Start of EXTRACTED RECORDS

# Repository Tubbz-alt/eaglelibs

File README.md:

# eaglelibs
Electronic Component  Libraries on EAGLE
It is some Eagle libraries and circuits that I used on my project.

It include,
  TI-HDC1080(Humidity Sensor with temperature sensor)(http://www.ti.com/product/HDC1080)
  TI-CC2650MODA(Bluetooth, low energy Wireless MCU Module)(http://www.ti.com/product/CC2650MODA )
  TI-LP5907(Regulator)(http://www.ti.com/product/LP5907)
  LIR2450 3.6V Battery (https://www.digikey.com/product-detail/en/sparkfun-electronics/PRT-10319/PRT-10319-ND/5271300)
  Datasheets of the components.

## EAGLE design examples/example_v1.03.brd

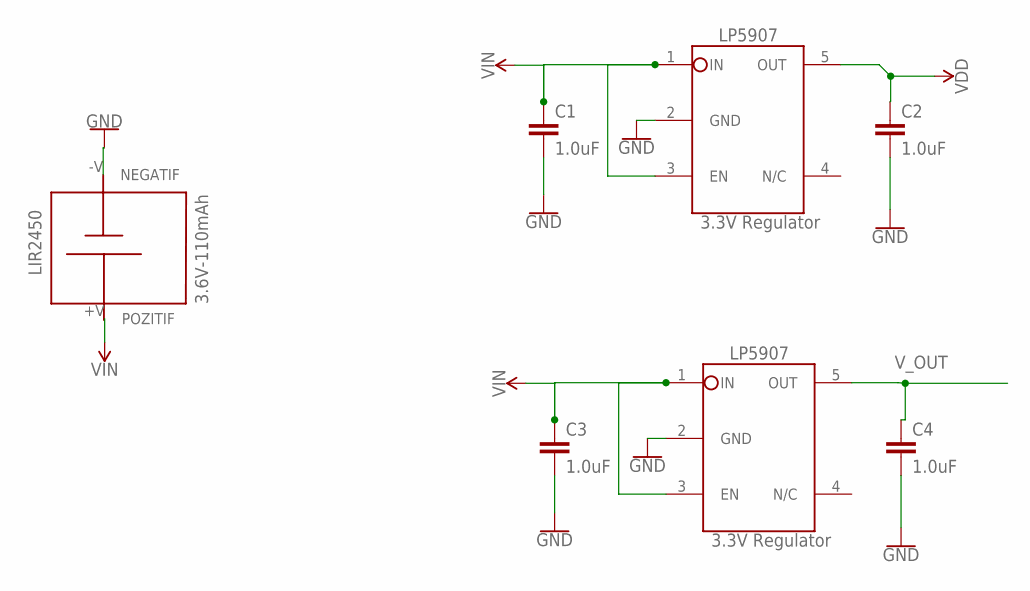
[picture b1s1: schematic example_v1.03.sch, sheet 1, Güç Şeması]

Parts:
C1, C2, C3, C4: 1.0uF; 1206
CC2650MODA: 3.3V Regulator; SOT-23
HDC1080: 3.3V Regulator; SOT-23
U$1: LIR2450; BATTERYHOLDER

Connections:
GND: C1.2, C2.2, C3.2, C4.2, CC2650MODA.2 (GND), HDC1080.2 (GND), U$1.-V (NEGATIF); also elsewhere on the board
VDD: C2.1, HDC1080.5 (OUT); also elsewhere on the board
VIN: C1.1, C3.1, CC2650MODA.1 (IN), CC2650MODA.3 (EN), HDC1080.1 (IN), HDC1080.3 (EN), U$1.+V (POZITIF)
V_OUT: C4.1, CC2650MODA.5 (OUT); also elsewhere on the board

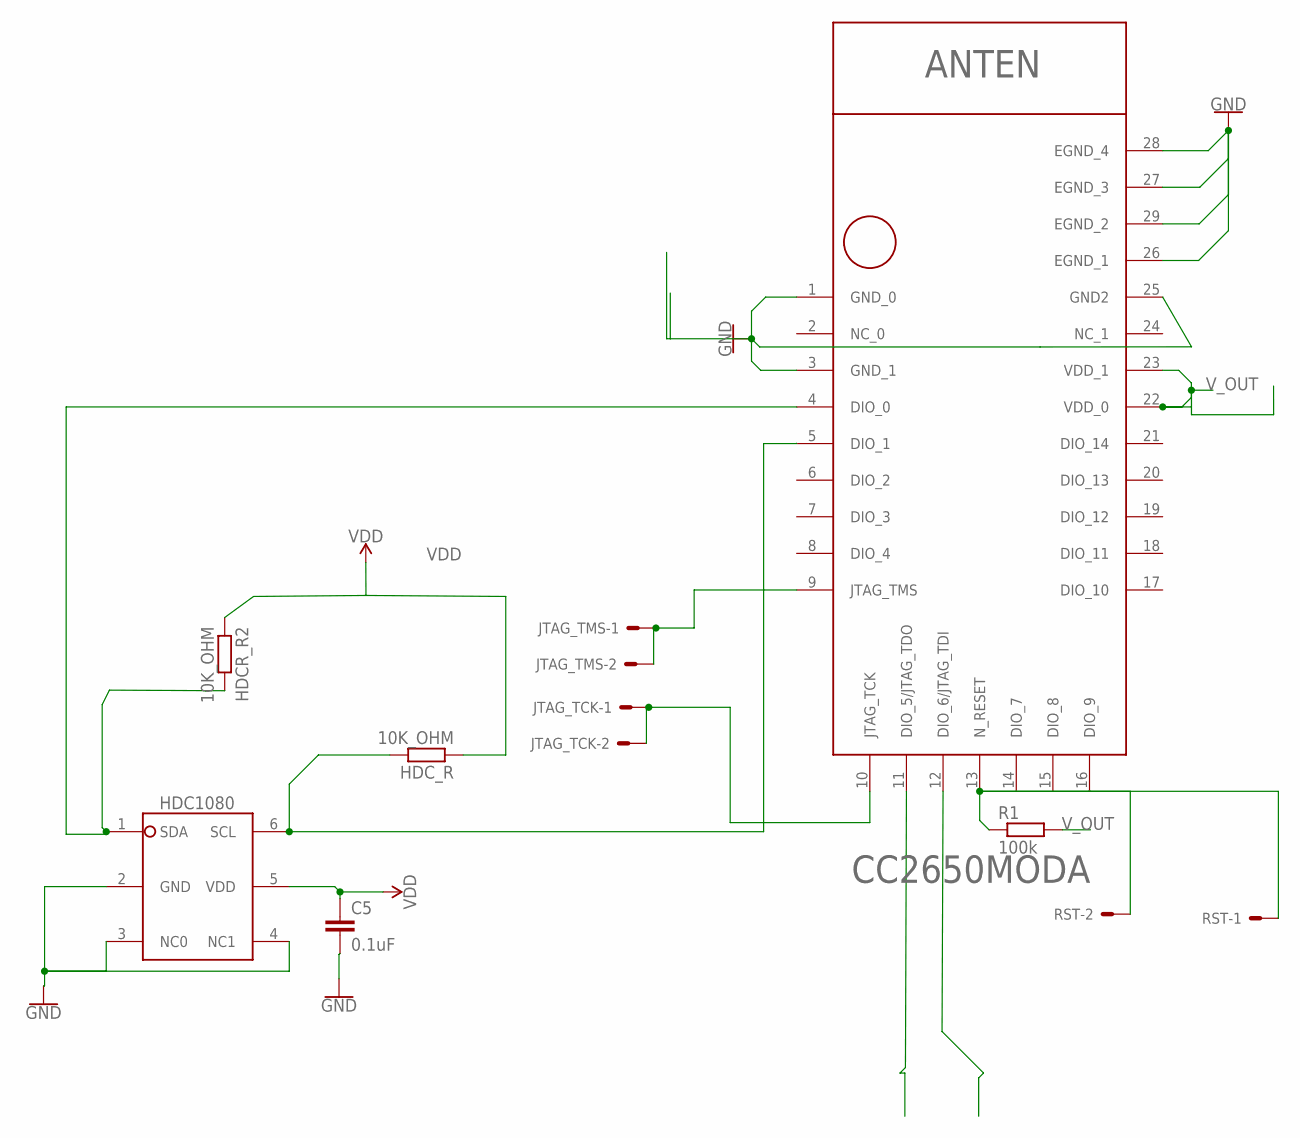
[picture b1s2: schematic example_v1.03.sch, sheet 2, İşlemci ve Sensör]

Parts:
C5: 0.1uF; 0603
HDCR_R2: 10K_OHM; R2012
HDC_R: 10K_OHM; R2012
JTAG_TCK: 332-02
JTAG_TMS: 332-02
R1: 100k; R2012
RST: 332-02
U$2: HDC1080; WSONDMB006A
U$3: CC2650MODA; MOH0029A-QFM

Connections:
GND: C5.2, U$2.2 (GND), U$2.3 (NC0), U$2.4 (NC1), U$3.1 (GND_0), U$3.3 (GND_1), U$3.25 (GND2), U$3.26 (EGND_1), U$3.27 (EGND_3), U$3.28 (EGND_4), U$3.29 (EGND_2); also elsewhere on the board
unnamed: JTAG_TMS.1, JTAG_TMS.2, U$3.9 (JTAG_TMS)
unnamed: JTAG_TCK.1, JTAG_TCK.2, U$3.10 (JTAG_TCK)
unnamed: R1.1, RST.1, RST.2, U$3.13 (N_RESET)
unnamed: HDCR_R2.2, U$2.1 (SDA), U$3.4 (DIO_0)
unnamed: HDC_R.2, U$2.6 (SCL), U$3.5 (DIO_1)
VDD: C5.1, HDCR_R2.1, HDC_R.1, U$2.5 (VDD); also elsewhere on the board
V_OUT: R1.2, U$3.22 (VDD_0), U$3.23 (VDD_1); also elsewhere on the board

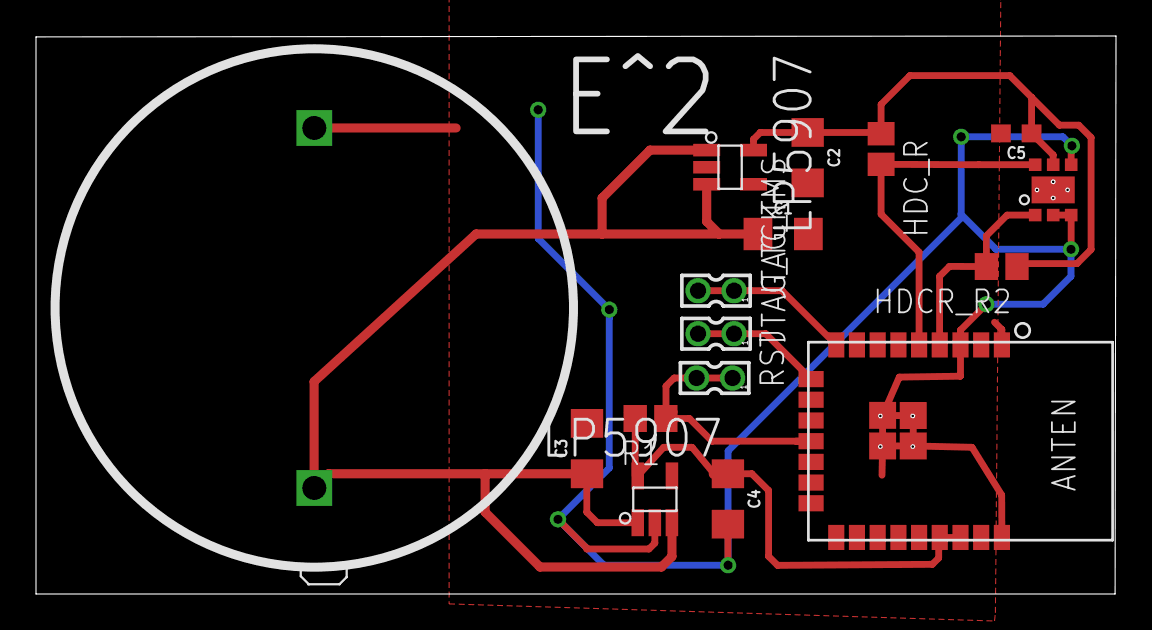
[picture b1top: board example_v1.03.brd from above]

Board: 2 copper layers, 60.0 x 31.0 mm, 16 parts (0 on the bottom side), 9 nets.

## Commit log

2018-02-22 deneme py
2018-02-22 cc2650moda datasheet
2018-02-22 battery
2018-02-22 all files and libraries that I have
2018-02-22 bazı noktaları vurguladm
2018-02-22 isaretlemeler yaptık
2018-02-27 Circuit Board PCB
2018-02-27 Shematic of PCB
2018-03-05 2. example of the circuit-sch
2018-03-05 version updated to 1.03
2018-03-05 Version updated to version 1.05
2018-03-05 version updated to 1.05
2018-03-05 Pictures of sch files
2018-03-08 ne oluyor
2018-03-08 new examples
2018-03-08 Dataheets
2018-07-16 Image of vs1.07

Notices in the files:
parts and their libraries:
SparkFun-Capacitors: Licensing: Creative Commons ShareAlike 4.0 International - https://creativecommons.org/licenses/by-sa/4.0

End of EXTRACTED RECORDS

### ACTIVITY
Without carrying over any pictures, retype the records above exactly.

### RESPONSE TO THE TASK
# Repository Tubbz-alt/eaglelibs

File README.md:

# eaglelibs
Electronic Component  Libraries on EAGLE
It is some Eagle libraries and circuits that I used on my project.

It include,
  TI-HDC1080(Humidity Sensor with temperature sensor)(http://www.ti.com/product/HDC1080)
  TI-CC2650MODA(Bluetooth, low energy Wireless MCU Module)(http://www.ti.com/product/CC2650MODA )
  TI-LP5907(Regulator)(http://www.ti.com/product/LP5907)
  LIR2450 3.6V Battery (https://www.digikey.com/product-detail/en/sparkfun-electronics/PRT-10319/PRT-10319-ND/5271300)
  Datasheets of the components.

## EAGLE design examples/example_v1.03.brd

[picture b1s1: schematic example_v1.03.sch, sheet 1, Güç Şeması]

Parts:
C1, C2, C3, C4: 1.0uF; 1206
CC2650MODA: 3.3V Regulator; SOT-23
HDC1080: 3.3V Regulator; SOT-23
U$1: LIR2450; BATTERYHOLDER

Connections:
GND: C1.2, C2.2, C3.2, C4.2, CC2650MODA.2 (GND), HDC1080.2 (GND), U$1.-V (NEGATIF); also elsewhere on the board
VDD: C2.1, HDC1080.5 (OUT); also elsewhere on the board
VIN: C1.1, C3.1, CC2650MODA.1 (IN), CC2650MODA.3 (EN), HDC1080.1 (IN), HDC1080.3 (EN), U$1.+V (POZITIF)
V_OUT: C4.1, CC2650MODA.5 (OUT); also elsewhere on the board

[picture b1s2: schematic example_v1.03.sch, sheet 2, İşlemci ve Sensör]

Parts:
C5: 0.1uF; 0603
HDCR_R2: 10K_OHM; R2012
HDC_R: 10K_OHM; R2012
JTAG_TCK: 332-02
JTAG_TMS: 332-02
R1: 100k; R2012
RST: 332-02
U$2: HDC1080; WSONDMB006A
U$3: CC2650MODA; MOH0029A-QFM

Connections:
GND: C5.2, U$2.2 (GND), U$2.3 (NC0), U$2.4 (NC1), U$3.1 (GND_0), U$3.3 (GND_1), U$3.25 (GND2), U$3.26 (EGND_1), U$3.27 (EGND_3), U$3.28 (EGND_4), U$3.29 (EGND_2); also elsewhere on the board
unnamed: JTAG_TMS.1, JTAG_TMS.2, U$3.9 (JTAG_TMS)
unnamed: JTAG_TCK.1, JTAG_TCK.2, U$3.10 (JTAG_TCK)
unnamed: R1.1, RST.1, RST.2, U$3.13 (N_RESET)
unnamed: HDCR_R2.2, U$2.1 (SDA), U$3.4 (DIO_0)
unnamed: HDC_R.2, U$2.6 (SCL), U$3.5 (DIO_1)
VDD: C5.1, HDCR_R2.1, HDC_R.1, U$2.5 (VDD); also elsewhere on the board
V_OUT: R1.2, U$3.22 (VDD_0), U$3.23 (VDD_1); also elsewhere on the board

[picture b1top: board example_v1.03.brd from above]

Board: 2 copper layers, 60.0 x 31.0 mm, 16 parts (0 on the bottom side), 9 nets.

## Commit log

2018-02-22 deneme py
2018-02-22 cc2650moda datasheet
2018-02-22 battery
2018-02-22 all files and libraries that I have
2018-02-22 bazı noktaları vurguladm
2018-02-22 isaretlemeler yaptık
2018-02-27 Circuit Board PCB
2018-02-27 Shematic of PCB
2018-03-05 2. example of the circuit-sch
2018-03-05 version updated to 1.03
2018-03-05 Version updated to version 1.05
2018-03-05 version updated to 1.05
2018-03-05 Pictures of sch files
2018-03-08 ne oluyor
2018-03-08 new examples
2018-03-08 Dataheets
2018-07-16 Image of vs1.07

Notices in the files:
parts and their libraries:
SparkFun-Capacitors: Licensing: Creative Commons ShareAlike 4.0 International - https://creativecommons.org/licenses/by-sa/4.0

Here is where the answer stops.